_Entries taken from a collection_
================

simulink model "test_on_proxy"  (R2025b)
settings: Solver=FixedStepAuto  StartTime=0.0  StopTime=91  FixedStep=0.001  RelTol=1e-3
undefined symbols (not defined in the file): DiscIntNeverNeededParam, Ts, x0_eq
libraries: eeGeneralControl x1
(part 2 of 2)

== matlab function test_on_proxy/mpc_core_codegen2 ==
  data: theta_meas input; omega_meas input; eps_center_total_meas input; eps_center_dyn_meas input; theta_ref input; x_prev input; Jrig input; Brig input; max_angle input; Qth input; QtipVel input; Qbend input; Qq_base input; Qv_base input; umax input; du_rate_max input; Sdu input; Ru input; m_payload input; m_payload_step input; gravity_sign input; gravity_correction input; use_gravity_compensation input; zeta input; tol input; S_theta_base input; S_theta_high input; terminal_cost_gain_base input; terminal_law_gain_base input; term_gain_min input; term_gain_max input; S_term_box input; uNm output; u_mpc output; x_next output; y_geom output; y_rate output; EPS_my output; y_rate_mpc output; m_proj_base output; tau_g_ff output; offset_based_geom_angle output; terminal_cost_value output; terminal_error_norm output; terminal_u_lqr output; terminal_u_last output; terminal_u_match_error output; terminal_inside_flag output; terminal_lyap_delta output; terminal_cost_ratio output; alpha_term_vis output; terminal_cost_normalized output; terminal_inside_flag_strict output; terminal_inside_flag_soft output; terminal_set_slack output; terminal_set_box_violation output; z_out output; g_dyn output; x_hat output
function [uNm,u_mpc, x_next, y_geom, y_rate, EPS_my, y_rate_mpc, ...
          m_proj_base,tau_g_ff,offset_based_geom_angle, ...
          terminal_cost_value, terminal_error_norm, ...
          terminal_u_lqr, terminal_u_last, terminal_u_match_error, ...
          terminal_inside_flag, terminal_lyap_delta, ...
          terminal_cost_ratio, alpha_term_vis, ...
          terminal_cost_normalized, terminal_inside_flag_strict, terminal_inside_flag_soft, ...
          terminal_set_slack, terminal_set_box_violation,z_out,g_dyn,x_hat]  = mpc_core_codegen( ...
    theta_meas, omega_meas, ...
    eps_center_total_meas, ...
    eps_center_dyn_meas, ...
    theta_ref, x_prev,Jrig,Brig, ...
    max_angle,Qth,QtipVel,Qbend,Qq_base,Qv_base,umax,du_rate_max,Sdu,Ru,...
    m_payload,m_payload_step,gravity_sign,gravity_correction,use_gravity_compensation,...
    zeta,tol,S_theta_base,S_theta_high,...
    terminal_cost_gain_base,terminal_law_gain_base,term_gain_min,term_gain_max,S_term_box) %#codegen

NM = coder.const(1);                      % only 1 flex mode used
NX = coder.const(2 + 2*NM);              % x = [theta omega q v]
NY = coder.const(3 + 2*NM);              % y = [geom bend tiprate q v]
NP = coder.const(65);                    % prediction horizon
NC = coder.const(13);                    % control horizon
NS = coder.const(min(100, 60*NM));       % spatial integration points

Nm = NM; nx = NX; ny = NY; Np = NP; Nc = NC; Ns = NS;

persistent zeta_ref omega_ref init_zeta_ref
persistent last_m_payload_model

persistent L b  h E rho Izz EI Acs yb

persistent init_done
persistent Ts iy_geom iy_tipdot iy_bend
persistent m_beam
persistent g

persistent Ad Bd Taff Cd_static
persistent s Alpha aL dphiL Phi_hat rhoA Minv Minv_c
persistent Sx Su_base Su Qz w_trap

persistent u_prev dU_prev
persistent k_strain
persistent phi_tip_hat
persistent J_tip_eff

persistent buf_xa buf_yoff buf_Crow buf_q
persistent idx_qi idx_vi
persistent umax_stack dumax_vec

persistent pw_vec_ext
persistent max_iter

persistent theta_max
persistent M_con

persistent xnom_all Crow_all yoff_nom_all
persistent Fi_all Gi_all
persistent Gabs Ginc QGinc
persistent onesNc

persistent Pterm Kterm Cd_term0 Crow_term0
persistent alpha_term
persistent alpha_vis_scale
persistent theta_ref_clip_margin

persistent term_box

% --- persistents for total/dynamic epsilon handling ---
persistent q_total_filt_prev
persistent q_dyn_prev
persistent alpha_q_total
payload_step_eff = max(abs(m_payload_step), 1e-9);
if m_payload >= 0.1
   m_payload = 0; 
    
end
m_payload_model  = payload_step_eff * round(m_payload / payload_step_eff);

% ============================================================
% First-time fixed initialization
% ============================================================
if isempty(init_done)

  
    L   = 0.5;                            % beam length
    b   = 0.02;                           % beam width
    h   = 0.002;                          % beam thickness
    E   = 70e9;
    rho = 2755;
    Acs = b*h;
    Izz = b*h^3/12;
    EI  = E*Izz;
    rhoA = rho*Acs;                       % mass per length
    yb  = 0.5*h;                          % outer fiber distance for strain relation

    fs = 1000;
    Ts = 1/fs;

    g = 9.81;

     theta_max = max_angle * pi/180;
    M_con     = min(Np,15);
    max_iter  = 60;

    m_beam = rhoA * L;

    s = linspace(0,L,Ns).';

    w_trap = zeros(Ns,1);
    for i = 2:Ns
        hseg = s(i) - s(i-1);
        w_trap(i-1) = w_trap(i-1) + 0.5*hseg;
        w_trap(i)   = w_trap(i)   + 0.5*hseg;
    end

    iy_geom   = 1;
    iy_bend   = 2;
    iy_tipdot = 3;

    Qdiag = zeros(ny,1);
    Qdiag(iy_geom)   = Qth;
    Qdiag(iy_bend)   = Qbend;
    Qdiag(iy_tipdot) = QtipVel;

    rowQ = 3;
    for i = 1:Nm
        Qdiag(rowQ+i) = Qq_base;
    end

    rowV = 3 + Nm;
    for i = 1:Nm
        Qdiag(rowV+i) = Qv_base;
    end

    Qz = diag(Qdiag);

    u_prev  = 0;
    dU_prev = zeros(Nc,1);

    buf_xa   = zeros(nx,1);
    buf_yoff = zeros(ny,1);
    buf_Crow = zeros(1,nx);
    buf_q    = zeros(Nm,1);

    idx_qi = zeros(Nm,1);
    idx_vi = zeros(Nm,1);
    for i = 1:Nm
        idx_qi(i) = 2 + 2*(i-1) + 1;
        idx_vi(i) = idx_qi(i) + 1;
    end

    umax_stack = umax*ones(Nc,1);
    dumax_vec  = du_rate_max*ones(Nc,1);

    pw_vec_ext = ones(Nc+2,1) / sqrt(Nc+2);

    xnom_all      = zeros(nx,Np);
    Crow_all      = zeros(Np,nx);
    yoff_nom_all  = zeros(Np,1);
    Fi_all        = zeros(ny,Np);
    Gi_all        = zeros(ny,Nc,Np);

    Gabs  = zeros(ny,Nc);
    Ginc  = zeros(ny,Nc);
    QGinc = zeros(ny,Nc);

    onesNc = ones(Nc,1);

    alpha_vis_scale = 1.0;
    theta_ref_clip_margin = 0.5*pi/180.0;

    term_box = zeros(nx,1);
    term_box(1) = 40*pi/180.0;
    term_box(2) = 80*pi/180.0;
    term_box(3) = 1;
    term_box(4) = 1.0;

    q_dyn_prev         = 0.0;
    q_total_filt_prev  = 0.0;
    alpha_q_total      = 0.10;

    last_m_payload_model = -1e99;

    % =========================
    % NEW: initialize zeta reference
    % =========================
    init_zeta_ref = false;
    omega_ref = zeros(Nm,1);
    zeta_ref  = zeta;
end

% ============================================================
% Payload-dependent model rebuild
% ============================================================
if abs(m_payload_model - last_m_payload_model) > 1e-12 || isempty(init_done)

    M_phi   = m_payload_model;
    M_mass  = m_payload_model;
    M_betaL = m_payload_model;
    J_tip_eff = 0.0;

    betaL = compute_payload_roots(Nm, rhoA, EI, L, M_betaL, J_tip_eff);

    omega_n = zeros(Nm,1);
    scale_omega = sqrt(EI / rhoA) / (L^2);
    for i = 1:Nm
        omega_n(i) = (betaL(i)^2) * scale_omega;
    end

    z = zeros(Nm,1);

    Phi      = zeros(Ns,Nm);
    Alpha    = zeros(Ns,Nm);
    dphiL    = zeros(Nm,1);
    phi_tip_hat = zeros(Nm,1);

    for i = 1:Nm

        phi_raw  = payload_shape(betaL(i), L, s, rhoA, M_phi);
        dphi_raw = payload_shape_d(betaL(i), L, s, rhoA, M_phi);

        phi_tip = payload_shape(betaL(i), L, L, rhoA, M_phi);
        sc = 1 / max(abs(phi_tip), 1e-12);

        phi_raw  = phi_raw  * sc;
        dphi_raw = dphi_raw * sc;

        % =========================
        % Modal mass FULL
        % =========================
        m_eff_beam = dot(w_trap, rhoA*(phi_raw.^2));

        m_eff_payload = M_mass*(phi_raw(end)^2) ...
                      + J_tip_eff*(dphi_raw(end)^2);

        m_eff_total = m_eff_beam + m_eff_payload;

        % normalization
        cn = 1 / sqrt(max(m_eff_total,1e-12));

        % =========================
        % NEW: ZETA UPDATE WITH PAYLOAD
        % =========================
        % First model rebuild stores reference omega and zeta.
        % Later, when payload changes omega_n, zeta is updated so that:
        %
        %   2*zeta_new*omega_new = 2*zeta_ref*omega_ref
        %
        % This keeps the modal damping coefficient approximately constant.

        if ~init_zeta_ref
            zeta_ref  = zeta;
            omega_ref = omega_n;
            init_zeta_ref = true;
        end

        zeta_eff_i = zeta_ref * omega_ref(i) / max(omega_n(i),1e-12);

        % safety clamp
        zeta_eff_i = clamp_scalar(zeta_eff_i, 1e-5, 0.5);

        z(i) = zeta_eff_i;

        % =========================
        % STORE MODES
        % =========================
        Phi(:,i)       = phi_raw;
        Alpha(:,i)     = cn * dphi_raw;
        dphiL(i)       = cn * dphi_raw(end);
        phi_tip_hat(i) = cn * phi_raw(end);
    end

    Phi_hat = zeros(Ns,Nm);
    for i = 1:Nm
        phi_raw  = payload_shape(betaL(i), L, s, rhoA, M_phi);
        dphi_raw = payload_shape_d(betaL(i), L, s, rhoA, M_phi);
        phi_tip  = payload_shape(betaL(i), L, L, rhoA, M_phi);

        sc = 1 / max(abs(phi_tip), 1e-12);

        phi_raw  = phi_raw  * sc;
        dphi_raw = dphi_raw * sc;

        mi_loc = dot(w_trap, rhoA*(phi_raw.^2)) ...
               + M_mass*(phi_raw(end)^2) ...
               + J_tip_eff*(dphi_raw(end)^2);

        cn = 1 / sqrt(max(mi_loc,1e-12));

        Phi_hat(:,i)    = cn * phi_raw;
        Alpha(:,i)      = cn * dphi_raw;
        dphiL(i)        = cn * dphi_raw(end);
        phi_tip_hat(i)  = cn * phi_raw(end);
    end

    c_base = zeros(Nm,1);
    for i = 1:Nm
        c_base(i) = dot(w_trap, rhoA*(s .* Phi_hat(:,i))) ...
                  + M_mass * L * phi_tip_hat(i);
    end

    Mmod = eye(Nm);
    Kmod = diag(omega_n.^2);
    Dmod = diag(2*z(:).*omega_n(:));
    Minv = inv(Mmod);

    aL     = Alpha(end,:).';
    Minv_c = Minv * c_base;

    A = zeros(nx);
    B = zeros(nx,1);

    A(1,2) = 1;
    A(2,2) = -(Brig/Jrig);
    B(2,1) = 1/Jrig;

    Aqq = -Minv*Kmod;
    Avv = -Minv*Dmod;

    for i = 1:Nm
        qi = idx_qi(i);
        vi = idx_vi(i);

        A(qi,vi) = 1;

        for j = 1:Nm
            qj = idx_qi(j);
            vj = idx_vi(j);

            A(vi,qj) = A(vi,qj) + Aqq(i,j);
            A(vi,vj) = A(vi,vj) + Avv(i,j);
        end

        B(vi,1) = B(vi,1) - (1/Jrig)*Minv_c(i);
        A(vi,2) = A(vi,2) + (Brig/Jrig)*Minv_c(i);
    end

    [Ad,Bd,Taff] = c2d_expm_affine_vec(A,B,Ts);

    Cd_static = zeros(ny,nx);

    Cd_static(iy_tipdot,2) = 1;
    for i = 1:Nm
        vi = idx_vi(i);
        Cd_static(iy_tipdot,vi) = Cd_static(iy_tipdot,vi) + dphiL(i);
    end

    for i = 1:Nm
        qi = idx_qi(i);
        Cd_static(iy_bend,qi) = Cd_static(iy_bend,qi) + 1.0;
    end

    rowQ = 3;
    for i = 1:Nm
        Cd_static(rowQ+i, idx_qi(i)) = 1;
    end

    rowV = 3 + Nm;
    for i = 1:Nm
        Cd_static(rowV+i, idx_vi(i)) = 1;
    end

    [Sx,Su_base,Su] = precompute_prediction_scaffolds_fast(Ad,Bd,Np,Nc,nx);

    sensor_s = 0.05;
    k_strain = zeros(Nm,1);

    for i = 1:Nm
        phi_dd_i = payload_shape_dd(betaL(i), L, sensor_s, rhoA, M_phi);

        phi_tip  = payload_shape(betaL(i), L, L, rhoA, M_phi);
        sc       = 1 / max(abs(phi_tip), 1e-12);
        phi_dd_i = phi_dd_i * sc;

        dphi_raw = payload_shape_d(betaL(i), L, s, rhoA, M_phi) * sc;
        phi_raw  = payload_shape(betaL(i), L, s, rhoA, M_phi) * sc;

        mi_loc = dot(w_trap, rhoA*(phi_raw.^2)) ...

================

_Problem description_
Print, without alteration, only the lines above between the one holding "phi_tip = payload_shape(betaL(i), L, L, rhoA, M_phi);" and the one holding "m_eff_payload = M_mass*(phi_raw(end)^2)", inclusive.

_Response_
        phi_tip = payload_shape(betaL(i), L, L, rhoA, M_phi);
        sc = 1 / max(abs(phi_tip), 1e-12);

        phi_raw  = phi_raw  * sc;
        dphi_raw = dphi_raw * sc;

        % =========================
        % Modal mass FULL
        % =========================
        m_eff_beam = dot(w_trap, rhoA*(phi_raw.^2));

        m_eff_payload = M_mass*(phi_raw(end)^2) ...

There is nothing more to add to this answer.